Отряд пришел на Ханко туманным утром и положил якоря на рейде. Рассветало медленно и как бы через силу. Шло уже к полудню, когда наконец рассеялся туман. Корабли перешли к длинному причалу в гавани городка Ганге.
С мостика «Гюйса» Козырев с любопытством смотрел на гавань, на скалистые берега, уходящие в дымку, на мрачное красное здание возле гавани.
Дом был похож на крепость. Дальше виднелась темно-коричневая кирха с острым шпилем, воткнутым в серое низкое небо. Левее высилась водонапорная башня. Чернели пожарища — было похоже, что деревянный городок выгорел напрочь.

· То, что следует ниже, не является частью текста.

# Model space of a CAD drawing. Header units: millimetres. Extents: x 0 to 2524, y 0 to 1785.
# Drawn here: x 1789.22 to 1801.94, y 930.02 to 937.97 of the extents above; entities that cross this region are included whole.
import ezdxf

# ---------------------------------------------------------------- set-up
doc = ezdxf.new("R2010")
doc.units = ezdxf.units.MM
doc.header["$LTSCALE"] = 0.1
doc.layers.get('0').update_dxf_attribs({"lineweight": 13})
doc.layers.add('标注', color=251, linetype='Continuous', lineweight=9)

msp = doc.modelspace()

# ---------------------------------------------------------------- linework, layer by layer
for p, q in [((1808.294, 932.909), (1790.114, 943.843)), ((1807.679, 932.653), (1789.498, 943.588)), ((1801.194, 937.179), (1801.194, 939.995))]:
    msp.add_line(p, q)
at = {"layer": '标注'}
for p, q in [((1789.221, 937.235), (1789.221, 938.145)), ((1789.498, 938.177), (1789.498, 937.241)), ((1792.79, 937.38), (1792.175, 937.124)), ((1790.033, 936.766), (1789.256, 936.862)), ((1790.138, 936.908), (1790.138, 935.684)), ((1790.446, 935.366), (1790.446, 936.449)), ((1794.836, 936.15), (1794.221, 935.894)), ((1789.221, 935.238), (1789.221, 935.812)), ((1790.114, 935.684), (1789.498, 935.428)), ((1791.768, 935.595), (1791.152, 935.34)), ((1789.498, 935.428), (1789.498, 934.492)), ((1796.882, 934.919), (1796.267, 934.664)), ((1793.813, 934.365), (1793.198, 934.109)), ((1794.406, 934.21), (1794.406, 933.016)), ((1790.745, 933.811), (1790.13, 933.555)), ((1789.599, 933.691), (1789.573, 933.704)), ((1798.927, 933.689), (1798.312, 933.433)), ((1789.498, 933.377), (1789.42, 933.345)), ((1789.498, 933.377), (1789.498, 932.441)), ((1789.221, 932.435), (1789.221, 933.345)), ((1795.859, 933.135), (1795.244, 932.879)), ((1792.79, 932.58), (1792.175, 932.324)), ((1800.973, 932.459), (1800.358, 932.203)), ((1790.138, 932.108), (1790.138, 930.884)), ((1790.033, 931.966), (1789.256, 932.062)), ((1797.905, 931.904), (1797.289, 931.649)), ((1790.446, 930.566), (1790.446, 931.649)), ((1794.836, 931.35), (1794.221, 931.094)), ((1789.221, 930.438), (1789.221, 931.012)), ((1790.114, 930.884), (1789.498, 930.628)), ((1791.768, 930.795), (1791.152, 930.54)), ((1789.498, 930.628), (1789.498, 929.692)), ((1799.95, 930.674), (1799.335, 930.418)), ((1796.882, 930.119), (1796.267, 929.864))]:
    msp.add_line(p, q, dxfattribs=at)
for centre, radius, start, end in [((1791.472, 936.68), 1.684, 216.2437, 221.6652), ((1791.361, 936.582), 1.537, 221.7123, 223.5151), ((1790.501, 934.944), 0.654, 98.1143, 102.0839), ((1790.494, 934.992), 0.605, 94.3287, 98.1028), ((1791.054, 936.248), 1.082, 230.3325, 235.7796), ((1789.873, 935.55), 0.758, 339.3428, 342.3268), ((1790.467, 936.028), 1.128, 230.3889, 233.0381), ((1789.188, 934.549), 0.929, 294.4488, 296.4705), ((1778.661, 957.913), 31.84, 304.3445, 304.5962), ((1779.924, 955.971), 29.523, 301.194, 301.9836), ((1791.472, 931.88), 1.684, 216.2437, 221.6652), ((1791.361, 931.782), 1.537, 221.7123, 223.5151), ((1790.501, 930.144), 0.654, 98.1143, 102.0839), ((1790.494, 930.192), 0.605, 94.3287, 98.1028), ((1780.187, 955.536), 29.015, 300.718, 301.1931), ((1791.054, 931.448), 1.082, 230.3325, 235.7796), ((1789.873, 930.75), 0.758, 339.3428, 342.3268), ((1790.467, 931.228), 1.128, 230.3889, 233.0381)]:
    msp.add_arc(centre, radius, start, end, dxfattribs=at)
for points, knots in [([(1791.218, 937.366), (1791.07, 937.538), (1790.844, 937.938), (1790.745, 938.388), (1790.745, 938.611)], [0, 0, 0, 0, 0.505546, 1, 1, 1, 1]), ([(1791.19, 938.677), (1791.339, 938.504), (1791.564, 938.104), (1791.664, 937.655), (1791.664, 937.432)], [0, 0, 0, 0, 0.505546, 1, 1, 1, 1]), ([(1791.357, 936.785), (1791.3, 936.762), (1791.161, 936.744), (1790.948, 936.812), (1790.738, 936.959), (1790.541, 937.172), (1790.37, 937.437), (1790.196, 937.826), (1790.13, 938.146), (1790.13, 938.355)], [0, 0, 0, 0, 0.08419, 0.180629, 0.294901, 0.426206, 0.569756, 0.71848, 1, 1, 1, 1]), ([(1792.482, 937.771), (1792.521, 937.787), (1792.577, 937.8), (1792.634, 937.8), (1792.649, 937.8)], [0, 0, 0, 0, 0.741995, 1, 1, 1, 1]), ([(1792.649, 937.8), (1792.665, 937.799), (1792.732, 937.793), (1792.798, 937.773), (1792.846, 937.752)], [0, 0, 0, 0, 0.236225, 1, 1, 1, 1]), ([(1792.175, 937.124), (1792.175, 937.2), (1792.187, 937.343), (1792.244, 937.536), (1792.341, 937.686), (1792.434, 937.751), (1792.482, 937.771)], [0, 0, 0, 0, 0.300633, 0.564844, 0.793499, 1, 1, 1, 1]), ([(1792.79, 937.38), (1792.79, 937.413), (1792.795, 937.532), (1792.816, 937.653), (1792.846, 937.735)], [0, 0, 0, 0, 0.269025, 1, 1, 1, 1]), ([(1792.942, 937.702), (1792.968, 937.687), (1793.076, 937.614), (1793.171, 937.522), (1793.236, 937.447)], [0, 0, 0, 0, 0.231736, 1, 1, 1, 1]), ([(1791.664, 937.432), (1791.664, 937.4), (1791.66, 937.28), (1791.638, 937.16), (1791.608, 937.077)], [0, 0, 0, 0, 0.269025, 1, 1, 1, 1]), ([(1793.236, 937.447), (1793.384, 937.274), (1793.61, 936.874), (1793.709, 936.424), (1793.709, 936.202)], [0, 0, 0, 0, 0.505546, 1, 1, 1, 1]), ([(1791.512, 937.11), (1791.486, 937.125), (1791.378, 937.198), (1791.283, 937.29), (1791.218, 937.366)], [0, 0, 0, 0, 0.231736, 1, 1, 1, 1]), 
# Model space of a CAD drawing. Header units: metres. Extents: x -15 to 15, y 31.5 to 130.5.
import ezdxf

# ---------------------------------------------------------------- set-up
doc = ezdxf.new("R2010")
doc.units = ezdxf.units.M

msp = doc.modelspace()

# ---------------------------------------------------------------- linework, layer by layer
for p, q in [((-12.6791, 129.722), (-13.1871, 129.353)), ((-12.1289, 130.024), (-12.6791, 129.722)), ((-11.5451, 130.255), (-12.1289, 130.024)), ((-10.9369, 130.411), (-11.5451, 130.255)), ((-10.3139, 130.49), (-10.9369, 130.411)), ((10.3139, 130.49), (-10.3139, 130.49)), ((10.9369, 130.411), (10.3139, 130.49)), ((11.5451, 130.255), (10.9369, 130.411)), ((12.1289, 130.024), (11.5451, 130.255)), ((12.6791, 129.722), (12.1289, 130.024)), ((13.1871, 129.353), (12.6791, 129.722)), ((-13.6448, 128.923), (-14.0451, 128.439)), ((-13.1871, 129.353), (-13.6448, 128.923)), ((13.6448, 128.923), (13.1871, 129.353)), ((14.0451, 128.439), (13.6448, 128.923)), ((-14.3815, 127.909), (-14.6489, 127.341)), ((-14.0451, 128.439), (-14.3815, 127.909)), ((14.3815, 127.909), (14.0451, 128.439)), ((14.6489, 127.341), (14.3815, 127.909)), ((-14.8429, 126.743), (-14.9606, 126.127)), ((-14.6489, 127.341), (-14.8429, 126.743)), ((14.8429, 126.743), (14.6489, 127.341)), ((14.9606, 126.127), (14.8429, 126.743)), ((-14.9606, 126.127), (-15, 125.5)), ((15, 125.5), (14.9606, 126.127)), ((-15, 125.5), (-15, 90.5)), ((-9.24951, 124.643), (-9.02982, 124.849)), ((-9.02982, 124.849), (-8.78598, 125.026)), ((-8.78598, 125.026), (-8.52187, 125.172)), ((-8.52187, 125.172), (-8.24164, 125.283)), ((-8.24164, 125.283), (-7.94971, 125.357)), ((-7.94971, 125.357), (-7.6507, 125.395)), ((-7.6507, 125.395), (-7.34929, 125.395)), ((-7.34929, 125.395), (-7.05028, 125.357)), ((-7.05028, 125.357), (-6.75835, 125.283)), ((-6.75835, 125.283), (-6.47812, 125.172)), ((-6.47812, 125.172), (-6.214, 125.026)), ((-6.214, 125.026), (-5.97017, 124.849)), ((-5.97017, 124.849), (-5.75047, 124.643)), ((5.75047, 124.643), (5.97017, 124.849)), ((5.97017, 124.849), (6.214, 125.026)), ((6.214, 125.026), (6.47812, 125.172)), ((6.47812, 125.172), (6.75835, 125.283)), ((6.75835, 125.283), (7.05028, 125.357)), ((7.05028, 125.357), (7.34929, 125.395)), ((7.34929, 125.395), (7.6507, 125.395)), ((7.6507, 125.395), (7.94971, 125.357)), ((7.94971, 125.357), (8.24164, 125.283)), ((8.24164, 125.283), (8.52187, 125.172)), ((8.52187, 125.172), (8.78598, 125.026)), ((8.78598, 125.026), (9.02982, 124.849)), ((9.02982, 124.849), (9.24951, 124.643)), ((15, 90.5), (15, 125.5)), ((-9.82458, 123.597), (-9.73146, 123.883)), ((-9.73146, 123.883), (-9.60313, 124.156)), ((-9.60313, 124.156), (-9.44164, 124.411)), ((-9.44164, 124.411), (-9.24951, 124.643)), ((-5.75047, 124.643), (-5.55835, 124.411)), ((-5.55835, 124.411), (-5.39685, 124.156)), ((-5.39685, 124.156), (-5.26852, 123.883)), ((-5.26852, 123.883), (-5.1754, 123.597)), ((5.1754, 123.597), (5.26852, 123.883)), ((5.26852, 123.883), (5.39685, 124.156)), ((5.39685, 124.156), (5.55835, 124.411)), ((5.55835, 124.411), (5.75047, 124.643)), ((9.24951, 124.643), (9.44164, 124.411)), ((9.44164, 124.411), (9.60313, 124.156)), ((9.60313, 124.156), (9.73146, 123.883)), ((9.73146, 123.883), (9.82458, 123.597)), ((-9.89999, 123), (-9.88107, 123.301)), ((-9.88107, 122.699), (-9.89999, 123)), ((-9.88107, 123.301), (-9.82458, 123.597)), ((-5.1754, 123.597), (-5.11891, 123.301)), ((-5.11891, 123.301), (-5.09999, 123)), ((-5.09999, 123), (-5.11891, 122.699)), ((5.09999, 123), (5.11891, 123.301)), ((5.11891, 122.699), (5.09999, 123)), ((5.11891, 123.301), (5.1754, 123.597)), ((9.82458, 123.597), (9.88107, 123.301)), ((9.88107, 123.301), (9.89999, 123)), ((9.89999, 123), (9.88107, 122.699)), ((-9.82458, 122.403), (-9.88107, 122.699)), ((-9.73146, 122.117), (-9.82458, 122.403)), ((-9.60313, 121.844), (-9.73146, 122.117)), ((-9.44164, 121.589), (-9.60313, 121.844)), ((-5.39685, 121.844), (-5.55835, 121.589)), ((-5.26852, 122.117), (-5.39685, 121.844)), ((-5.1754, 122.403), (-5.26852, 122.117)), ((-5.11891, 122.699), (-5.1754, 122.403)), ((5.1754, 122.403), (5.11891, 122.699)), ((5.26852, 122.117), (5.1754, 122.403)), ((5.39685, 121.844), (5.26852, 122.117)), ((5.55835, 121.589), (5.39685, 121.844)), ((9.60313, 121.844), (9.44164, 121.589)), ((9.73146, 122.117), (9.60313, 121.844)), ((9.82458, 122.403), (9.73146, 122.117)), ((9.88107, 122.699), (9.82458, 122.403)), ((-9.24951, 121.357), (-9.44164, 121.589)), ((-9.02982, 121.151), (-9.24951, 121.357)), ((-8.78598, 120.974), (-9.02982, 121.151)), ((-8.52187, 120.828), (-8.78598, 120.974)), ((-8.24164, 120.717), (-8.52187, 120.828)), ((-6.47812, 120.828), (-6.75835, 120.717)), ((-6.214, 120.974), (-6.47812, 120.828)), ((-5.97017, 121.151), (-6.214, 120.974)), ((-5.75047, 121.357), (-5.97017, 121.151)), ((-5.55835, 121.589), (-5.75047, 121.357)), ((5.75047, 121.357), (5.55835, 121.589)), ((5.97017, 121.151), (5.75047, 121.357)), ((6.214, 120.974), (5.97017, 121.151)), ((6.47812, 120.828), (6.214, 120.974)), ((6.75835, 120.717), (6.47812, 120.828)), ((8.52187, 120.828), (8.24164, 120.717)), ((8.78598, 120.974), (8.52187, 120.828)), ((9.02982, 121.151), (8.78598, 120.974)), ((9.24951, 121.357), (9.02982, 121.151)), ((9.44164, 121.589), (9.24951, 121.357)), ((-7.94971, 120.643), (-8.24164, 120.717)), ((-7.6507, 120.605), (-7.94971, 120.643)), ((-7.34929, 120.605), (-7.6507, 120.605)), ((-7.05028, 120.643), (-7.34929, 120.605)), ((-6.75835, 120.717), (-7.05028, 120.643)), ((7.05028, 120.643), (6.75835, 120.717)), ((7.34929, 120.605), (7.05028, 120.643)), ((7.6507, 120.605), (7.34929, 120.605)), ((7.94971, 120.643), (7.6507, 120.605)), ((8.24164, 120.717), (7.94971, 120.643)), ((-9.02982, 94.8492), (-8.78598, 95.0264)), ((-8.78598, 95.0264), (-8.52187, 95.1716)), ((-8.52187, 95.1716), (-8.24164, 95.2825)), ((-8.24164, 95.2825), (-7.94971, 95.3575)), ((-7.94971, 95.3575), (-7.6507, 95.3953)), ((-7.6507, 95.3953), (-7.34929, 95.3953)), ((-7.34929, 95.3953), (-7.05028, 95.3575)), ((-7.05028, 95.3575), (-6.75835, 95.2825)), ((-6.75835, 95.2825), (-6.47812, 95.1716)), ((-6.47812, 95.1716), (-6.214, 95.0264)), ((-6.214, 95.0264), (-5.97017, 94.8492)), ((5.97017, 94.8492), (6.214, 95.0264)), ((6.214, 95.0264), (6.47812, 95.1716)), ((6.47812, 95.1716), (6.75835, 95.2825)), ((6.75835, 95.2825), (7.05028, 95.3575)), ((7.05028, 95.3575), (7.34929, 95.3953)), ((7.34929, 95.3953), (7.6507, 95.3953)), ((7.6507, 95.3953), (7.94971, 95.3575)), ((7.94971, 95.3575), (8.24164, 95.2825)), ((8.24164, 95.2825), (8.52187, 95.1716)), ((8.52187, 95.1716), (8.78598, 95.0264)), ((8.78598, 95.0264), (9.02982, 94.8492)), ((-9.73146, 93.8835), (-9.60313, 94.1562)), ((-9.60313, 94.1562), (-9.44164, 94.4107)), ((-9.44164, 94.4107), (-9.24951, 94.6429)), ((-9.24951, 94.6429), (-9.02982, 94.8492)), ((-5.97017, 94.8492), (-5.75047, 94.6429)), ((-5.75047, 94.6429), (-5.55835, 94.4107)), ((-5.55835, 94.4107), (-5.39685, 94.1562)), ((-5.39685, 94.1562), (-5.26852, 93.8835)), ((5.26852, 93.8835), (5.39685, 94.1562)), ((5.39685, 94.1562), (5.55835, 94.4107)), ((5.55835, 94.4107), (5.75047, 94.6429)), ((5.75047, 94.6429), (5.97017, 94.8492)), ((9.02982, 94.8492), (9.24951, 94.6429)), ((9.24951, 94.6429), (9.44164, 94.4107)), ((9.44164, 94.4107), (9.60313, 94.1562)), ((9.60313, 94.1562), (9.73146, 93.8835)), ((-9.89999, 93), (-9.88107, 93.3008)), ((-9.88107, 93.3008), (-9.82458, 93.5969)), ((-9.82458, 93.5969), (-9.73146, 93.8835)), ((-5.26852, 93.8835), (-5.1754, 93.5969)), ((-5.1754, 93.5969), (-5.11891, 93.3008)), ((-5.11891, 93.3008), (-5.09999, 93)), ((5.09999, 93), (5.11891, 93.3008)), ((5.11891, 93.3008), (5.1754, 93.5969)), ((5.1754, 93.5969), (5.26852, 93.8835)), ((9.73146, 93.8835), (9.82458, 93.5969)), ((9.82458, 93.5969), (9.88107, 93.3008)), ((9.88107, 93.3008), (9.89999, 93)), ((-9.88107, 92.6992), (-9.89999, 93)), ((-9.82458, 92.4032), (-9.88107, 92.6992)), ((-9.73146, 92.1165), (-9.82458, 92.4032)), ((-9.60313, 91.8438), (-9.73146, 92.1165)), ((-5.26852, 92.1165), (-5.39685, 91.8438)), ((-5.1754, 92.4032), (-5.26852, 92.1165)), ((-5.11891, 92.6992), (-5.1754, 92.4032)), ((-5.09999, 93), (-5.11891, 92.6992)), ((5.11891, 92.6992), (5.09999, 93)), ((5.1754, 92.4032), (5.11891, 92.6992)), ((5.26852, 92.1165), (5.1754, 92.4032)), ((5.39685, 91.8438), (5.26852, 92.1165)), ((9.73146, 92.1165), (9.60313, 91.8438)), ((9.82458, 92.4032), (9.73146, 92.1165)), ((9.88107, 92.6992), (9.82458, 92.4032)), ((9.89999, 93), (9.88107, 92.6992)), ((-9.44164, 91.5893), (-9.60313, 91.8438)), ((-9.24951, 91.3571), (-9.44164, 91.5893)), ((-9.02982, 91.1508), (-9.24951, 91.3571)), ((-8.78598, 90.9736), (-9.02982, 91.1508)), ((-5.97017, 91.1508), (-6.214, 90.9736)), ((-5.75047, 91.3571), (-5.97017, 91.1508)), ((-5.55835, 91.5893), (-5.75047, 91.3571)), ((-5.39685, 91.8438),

День был холодный, порывами налетал ветер с дождем. Голые черные спины скал неприкаянно торчали тут и там из воды. Почему-то у Козырева было чувство, что здесь — край земли, дальше ничего нет.
— Вот он, значит, какой, — сказал Балыкин. — Геройский Гангут. Почему его теперь Ханко называют?
— Городок называется Ханге, — ответил Козырев. — Для русского уха удобнее — Ханко. Полуостров по-фински или по-шведски — удд. Ханге-удд, Ганге-удд, Гангут.
— Откуда знаешь? — Балыкин удивленно поднял бровь.
— В книгах рылся, в старых картах. Еще в училище.
— Я смотрю, любишь ты старину, командир.
— Люблю историю флота. А что? Это плохо?
— Почему плохо? — Помолчав, Балыкин добавил: — Взял бы, командир, и провел беседу о Гангутском бое. О первой, значит, победе русского флота.
— Беседы, Николай Иваныч, по твоей части. — Козырев смотрел, как гюйсовцы, сойдя на причал, гонялись друг за дружкой, схватывались в шутливых потасовках. — Вот мачту жалко.
— А чего ее жалеть?
— Жалко. Вот была такая история. Однажды в бурю на парусном судне сломалась мачта. Моряки перед гибелью обратились за помощью к Николаю Барийскому — есть такой святой, покровитель моряков. Твой тезка. И мачта срослась обратно, корабль был спасен. Вот бы нам так!
— У тебя, Андрей Константиныч, не поймешь, когда серьезно говоришь, а когда шутки разводишь, — сказал Балыкин.
В гавань прибыли машины-бензозаправщики. В носовые цистерны кораблей протянули шланги, заработали насосы. Еще шла перекачка бензина, когда финны начали обстрел гавани. Хоть и туман был поутру, а прибытие на Ханко кораблей противник, наверное, заметил. Снаряды ложились не густо, вразброс, но все более опасно приближались к причалу. Рявкнули гангутские батареи. За притуманенной стеной соснового леса замигали бледные вспышки выстрелов. Некоторое время гремела дуэль, потом смолкла. Лишь откуда-то с севера, из шхер принесло ветром скороговорку пулеметов.
Перекачку бензина кончили в ранних сумерках. Для сохранения устойчивости приняли в опустевшую цистерну забортную воду.